The newDemocracy Foundation makes all of their deliberative mini-public designs public on their website and recently designed and managed one of the largest citizens' juries in Australia, the South Australian Nuclear Citizens' Jury. 

Nov 6, 2016

Peter MacLeod is the CEO and Founder of MASS LBP, a Canadian consultancy focused on democratic innovation and public strategy. 

Since 2007, MASS has led some of the country's most original and ambitious efforts to engage citizens in tackling tough policy choices while pioneering the use of Civic Lotteries and Reference Panels on behalf of forward-thinking governments.

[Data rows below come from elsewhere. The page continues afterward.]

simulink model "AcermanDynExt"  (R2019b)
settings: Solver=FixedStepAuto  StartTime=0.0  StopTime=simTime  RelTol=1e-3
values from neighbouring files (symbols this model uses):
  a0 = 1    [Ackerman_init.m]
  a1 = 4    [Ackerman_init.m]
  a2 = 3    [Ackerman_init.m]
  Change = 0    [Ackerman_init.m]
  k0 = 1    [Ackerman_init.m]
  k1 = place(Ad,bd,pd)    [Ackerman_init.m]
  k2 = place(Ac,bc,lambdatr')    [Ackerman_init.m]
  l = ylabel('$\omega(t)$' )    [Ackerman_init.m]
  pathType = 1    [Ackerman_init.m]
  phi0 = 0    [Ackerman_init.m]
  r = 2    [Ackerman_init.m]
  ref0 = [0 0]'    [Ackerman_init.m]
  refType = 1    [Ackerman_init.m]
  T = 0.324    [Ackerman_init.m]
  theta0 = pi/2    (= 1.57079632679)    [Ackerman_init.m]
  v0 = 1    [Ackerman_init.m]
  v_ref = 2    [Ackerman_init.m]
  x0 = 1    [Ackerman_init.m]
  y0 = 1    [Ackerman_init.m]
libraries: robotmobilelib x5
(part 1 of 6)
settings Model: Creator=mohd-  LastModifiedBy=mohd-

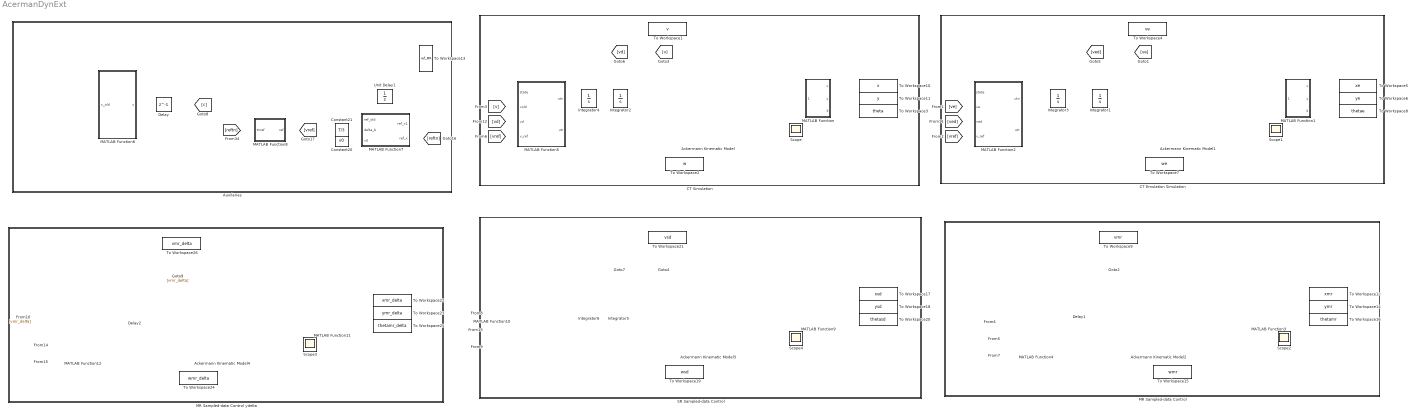
== system AcermanDynExt ==
  Ackermann Kinematic Model{,1..4} (5 alike) : robotmobilelib/Ackermann Kinematic Model  WheelBase=l  VehicleSpeedRange=[-inf inf]  MaxSteeringAngle=pi/3  InitialState=[x0; y0; theta0; phi0]  SimulateUsing=Interpreted execution
      settings: SourceProductName=Robotics System Toolbox  SourceProductBaseCode=RO
  Auxilaries : Subsystem
  CT Emulation Simulation : Subsystem
  CT Simulation : Subsystem
  Constant20 : Constant  Value=v0
  Constant21 : Constant  Value=T/3
  Delay : Delay  DelayLength=1  InitialCondition=0  SampleTime=T/3
  Delay1 : Delay  DelayLength=1  InitialCondition=v0  SampleTime=T
  Delay2 : Delay  DelayLength=1  InitialCondition=v0  SampleTime=T
  Integrator1 : Integrator  InitialCondition=v0
  Integrator2 : Integrator  InitialCondition=v0
  Integrator3 : Integrator
  Integrator4 : Integrator
  Integrator5 : Integrator  InitialCondition=v0
  Integrator6 : Integrator
  MATLAB Function : MATLAB Function  TreatAsAtomicUnit=on
  MATLAB Function1 : MATLAB Function  TreatAsAtomicUnit=on
  MATLAB Function10 : MATLAB Function  TreatAsAtomicUnit=on  SystemSampleTime=T
  MATLAB Function11 : MATLAB Function  TreatAsAtomicUnit=on
  MATLAB Function12 : MATLAB Function  TreatAsAtomicUnit=on  SystemSampleTime=T
  MATLAB Function2 : MATLAB Function  TreatAsAtomicUnit=on  SystemSampleTime=T
  MATLAB Function3 : MATLAB Function  TreatAsAtomicUnit=on
  MATLAB Function4 : MATLAB Function  TreatAsAtomicUnit=on  SystemSampleTime=T
  MATLAB Function5 : MATLAB Function  TreatAsAtomicUnit=on
  MATLAB Function6 : MATLAB Function  TreatAsAtomicUnit=on  SystemSampleTime=T/3
  MATLAB Function7 : MATLAB Function  TreatAsAtomicUnit=on  SystemSampleTime=T
  MATLAB Function8 : MATLAB Function  TreatAsAtomicUnit=on
  MATLAB Function9 : MATLAB Function  TreatAsAtomicUnit=on
  MR Sampled-data Control : Subsystem
  MR Sampled-data Control ydelta : Subsystem
  SR Sampled-data Control : Subsystem
  Scope{,1..4} (5 alike) : Scope
  To Workspace1 : ToWorkspace  VariableName=v  SampleTime=10^-3
      settings: Save2DSignal=2-D array (concatenate along first dimension)
  To Workspace10 : ToWorkspace  VariableName=x  SampleTime=10^-3
      settings: Save2DSignal=2-D array (concatenate along first dimension)
  To Workspace11 : ToWorkspace  VariableName=y  SampleTime=10^-3
      settings: Save2DSignal=2-D array (concatenate along first dimension)
  To Workspace12 : ToWorkspace  VariableName=xmr  SampleTime=10^-3
      settings: Save2DSignal=2-D array (concatenate along first dimension)
  To Workspace13 : ToWorkspace  VariableName=ref_MR  SampleTime=T/3
  To Workspace14 : ToWorkspace  VariableName=ymr  SampleTime=10^-3
      settings: Save2DSignal=2-D array (concatenate along first dimension)
  To Workspace15 : ToWorkspace  VariableName=wmr  SampleTime=10^-3
      settings: Save2DSignal=2-D array (concatenate along first dimension)
  To Workspace16 : ToWorkspace  VariableName=thetamr  SampleTime=10^-3
      settings: Save2DSignal=2-D array (concatenate along first dimension)
  To Workspace17 : ToWorkspace  VariableName=xsd  SampleTime=10^-3
      settings: Save2DSignal=2-D array (concatenate along first dimension)
  To Workspace18 : ToWorkspace  VariableName=ysd  SampleTime=10^-3
      settings: Save2DSignal=2-D array (concatenate along first dimension)
  To Workspace19 : ToWorkspace  VariableName=wsd  SampleTime=10^-3
      settings: Save2DSignal=2-D array (concatenate along first dimension)
  To Workspace2 : ToWorkspace  VariableName=w  SampleTime=10^-3
      settings: Save2DSignal=2-D array (concatenate along first dimension)
  To Workspace20 : ToWorkspace  VariableName=thetasd  SampleTime=10^-3
      settings: Save2DSignal=2-D array (concatenate along first dimension)
  To Workspace21 : ToWorkspace  VariableName=vsd  SampleTime=10^-3
      settings: Save2DSignal=2-D array (concatenate along first dimension)
  To Workspace22 : ToWorkspace  VariableName=xmr_delta  SampleTime=10^-3
      settings: Save2DSignal=2-D array (concatenate along first dimension)
  To Workspace23 : ToWorkspace  VariableName=ymr_delta  SampleTime=10^-3
      settings: Save2DSignal=2-D array (concatenate along first dimension)
  To Workspace24 : ToWorkspace  VariableName=wmr_delta  SampleTime=10^-3
      settings: Save2DSignal=2-D array (concatenate along first dimension)
  To Workspace25 : ToWorkspace  VariableName=thetamr_delta  SampleTime=10^-3
      settings: Save2DSignal=2-D array (concatenate along first dimension)
  To Workspace26 : ToWorkspace  VariableName=vmr_delta  SampleTime=10^-3
      settings: Save2DSignal=2-D array (concatenate along first dimension)
  To Workspace3 : ToWorkspace  VariableName=theta  SampleTime=10^-3
      settings: Save2DSignal=2-D array (concatenate along first dimension)
  To Workspace4 : ToWorkspace  VariableName=ve  SampleTime=10^-3
      settings: Save2DSignal=2-D array (concatenate along first dimension)
  To Workspace5 : ToWorkspace  VariableName=xe  SampleTime=10^-3
      settings: Save2DSignal=2-D array (concatenate along first dimension)
  To Workspace6 : ToWorkspace  VariableName=ye  SampleTime=10^-3
      settings: Save2DSignal=2-D array (concatenate along first dimension)
  To Workspace7 : ToWorkspace  VariableName=we  SampleTime=10^-3
      settings: Save2DSignal=2-D array (concatenate along first dimension)
  To Workspace8 : ToWorkspace  VariableName=thetae  SampleTime=10^-3
      settings: Save2DSignal=2-D array (concatenate along first dimension)
  To Workspace9 : ToWorkspace  VariableName=vmr  SampleTime=10^-3
      settings: Save2DSignal=2-D array (concatenate along first dimension)
  Unit Delay1 : UnitDelay  InitialCondition=ref0  SampleTime=T/3  HasFrameUpgradeWarning=on
  wires:
  Ackermann Kinematic Model3/2 -> Scope4/1
  Ackermann Kinematic Model2/1 -> MATLAB Function4/1(state), MATLAB Function3/1(state)
  [vmr] -> MATLAB Function4/2(v)
  Constant20/1 -> MATLAB Function7/3(v0)
  MATLAB Function9/2(y) -> To Workspace18/1
  Delay1/1 -> To Workspace9/1, [vmr], Ackermann Kinematic Model2/1
  MATLAB Function3/1(x) -> To Workspace12/1
  MATLAB Function3/2(y) -> To Workspace14/1
  Ackermann Kinematic Model2/2 -> Scope2/1
  Ackermann Kinematic Model/1 -> MATLAB Function5/1(state), MATLAB Function/1(state)
  MATLAB Function1/1(x) -> To Workspace5/1
  Delay/1 -> [c], MATLAB Function6/1(c_old)
  MATLAB Function9/1(x) -> To Workspace17/1
  MATLAB Function1/3(theta) -> To Workspace8/1
  MATLAB Function10/2(utr) -> To Workspace19/1, Ackermann Kinematic Model3/2
  MATLAB Function3/3(theta) -> To Workspace16/1
  MATLAB Function4/1(u) -> Delay1/1
  MATLAB Function5/1(utn) -> Integrator4/1
  [vref] -> MATLAB Function10/4(v_ref)
  MATLAB Function6/1(c) -> Delay/1
  [c] -> MATLAB Function4/4(c)
  MATLAB Function8/1(ref) -> [vref]
  [v] -> MATLAB Function5/2(vold)
  Ackermann Kinematic Model/2 -> Scope/1
  [vref] -> MATLAB Function5/4(v_ref)
  MATLAB Function2/1(utn) -> Integrator3/1
  Integrator2/1 -> To Workspace1/1, [v], Ackermann Kinematic Model/1
  MATLAB Function/1(x) -> To Workspace10/1
  MATLAB Function/3(theta) -> To Workspace3/1
  [ve] -> MATLAB Function2/2(ve)
  MATLAB Function/2(y) -> To Workspace11/1
  Ackermann Kinematic Model1/2 -> Scope1/1
  MATLAB Function2/2(utr) -> To Workspace7/1, Ackermann Kinematic Model1/2
  MATLAB Function9/3(theta) -> To Workspace20/1
  MATLAB Function7/1(ref_x1) -> To Workspace13/1, Unit Delay1/1
  [vref] -> MATLAB Function2/4(v_ref)
  Ackermann Kinematic Model1/1 -> MATLAB Function2/1(state), MATLAB Function1/1(state)
  Ackermann Kinematic Model3/1 -> MATLAB Function10/1(state), MATLAB Function9/1(state)
  MATLAB Function1/2(y) -> To Workspace6/1
  MATLAB Function5/2(utr) -> To Workspace2/1, Ackermann Kinematic Model/2
  [vsd] -> MATLAB Function10/2(v)
  MATLAB Function7/2(ref_x) -> [reftn]
  [vref] -> MATLAB Function4/3(v_ref)
  [reftn] -> MATLAB Function8/1(tnref)
  Integrator1/1 -> To Workspace4/1, [ve], Ackermann Kinematic Model1/1
  Constant21/1 -> MATLAB Function7/2(delta_b)
  MATLAB Function10/1(utn) -> Integrator6/1
  Integrator5/1 -> To Workspace21/1, [vsd], Ackermann Kinematic Model3/1
  MATLAB Function4/2(w) -> To Workspace15/1, Ackermann Kinematic Model2/2
  Unit Delay1/1 -> MATLAB Function7/1(ref_old)
  Integrator3/1 -> [ved], Integrator1/1
  [ved] -> MATLAB Function2/3(ved)
  Integrator4/1 -> [vd], Integrator2/1
  [vd] -> MATLAB Function5/3(vd)
  Integrator6/1 -> [vsdd], Integrator5/1
  [vsdd] -> MATLAB Function10/3(vsdd)
  MATLAB Function11/1(x) -> To Workspace22/1
  MATLAB Function12/2(w) -> To Workspace24/1, Ackermann Kinematic Model4/2
  MATLAB Function11/2(y) -> To Workspace23/1
  Ackermann Kinematic Model4/2 -> Scope3/1
  Delay2/1 -> To Workspace26/1, [vmr_delta], Ackermann Kinematic Model4/1
  [vref] -> MATLAB Function12/3(v_ref)
  MATLAB Function12/1(u) -> Delay2/1
  [c] -> MATLAB Function12/4(c)
  MATLAB Function11/3(theta) -> To Workspace25/1
  Ackermann Kinematic Model4/1 -> MATLAB Function12/1(state), MATLAB Function11/1(state)
  [vmr_delta] -> MATLAB Function12/2(v)

== system AcermanDynExt/Auxilaries ==

== system AcermanDynExt/CT Emulation Simulation ==

== system AcermanDynExt/CT Simulation ==

== system AcermanDynExt/MR Sampled-data Control ==

== system AcermanDynExt/MR Sampled-data Control ydelta ==

== system AcermanDynExt/SR Sampled-data Control ==

== matlab function AcermanDynExt/MATLAB Function ==
  data: x output; state input; y output; theta output
function [x, y, theta] = fcn(state)

x = state(1);
y = state(2);
theta = state(3);

== matlab function AcermanDynExt/MATLAB Function5 ==
  data: state input; vold input; vd input; v_ref input; pathType parameter; k0 parameter; r parameter; l parameter; utn output; utr output; Change parameter; k2 parameter
function [utn,utr] = MATLAB_Function5(state, vold, vd, v_ref, pathType, k0, r, l, Change, k2)

x = state(1); y = state(2); theta = state(3); phi = state(4);
eta1 = vold; eta2 = vd;

if pathType == 1
    D = [ -(y*cos(theta) - x*sin(theta))/(x^2 + y^2), (eta1^2*(x*cos(theta) + y*sin(theta)))/(l*cos(phi)^2*(x^2 + y^2));
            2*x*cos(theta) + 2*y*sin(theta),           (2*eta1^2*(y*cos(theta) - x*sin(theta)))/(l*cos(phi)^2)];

MASS LBP has conducted twenty-five major reference panels, citizens assemblies and commissions for government involving more than 1000 Canadians and reaching 250,000 households. Cumulatively, this represents some 30,000 hours of deliberation on significant public issues, making MASS an internationally-recognized and unparalleled leader in the design and delivery of deliberative processes for government.

Peter lays out how MASS approach the design of the reference panels they conduct including how they explain the purpose of these processes, how the invitations are designed and the size of the groups. 

He also takes us through a couple of processes they have conducted from the Residents’ Panel to Review the Condominium Act a multi-year process to update this piece of legislation to a hyper-local issue with Grandview-Woodland Community Plan Citizens’ Assembly.

And in case you were wondering LBP stands for Lead By People.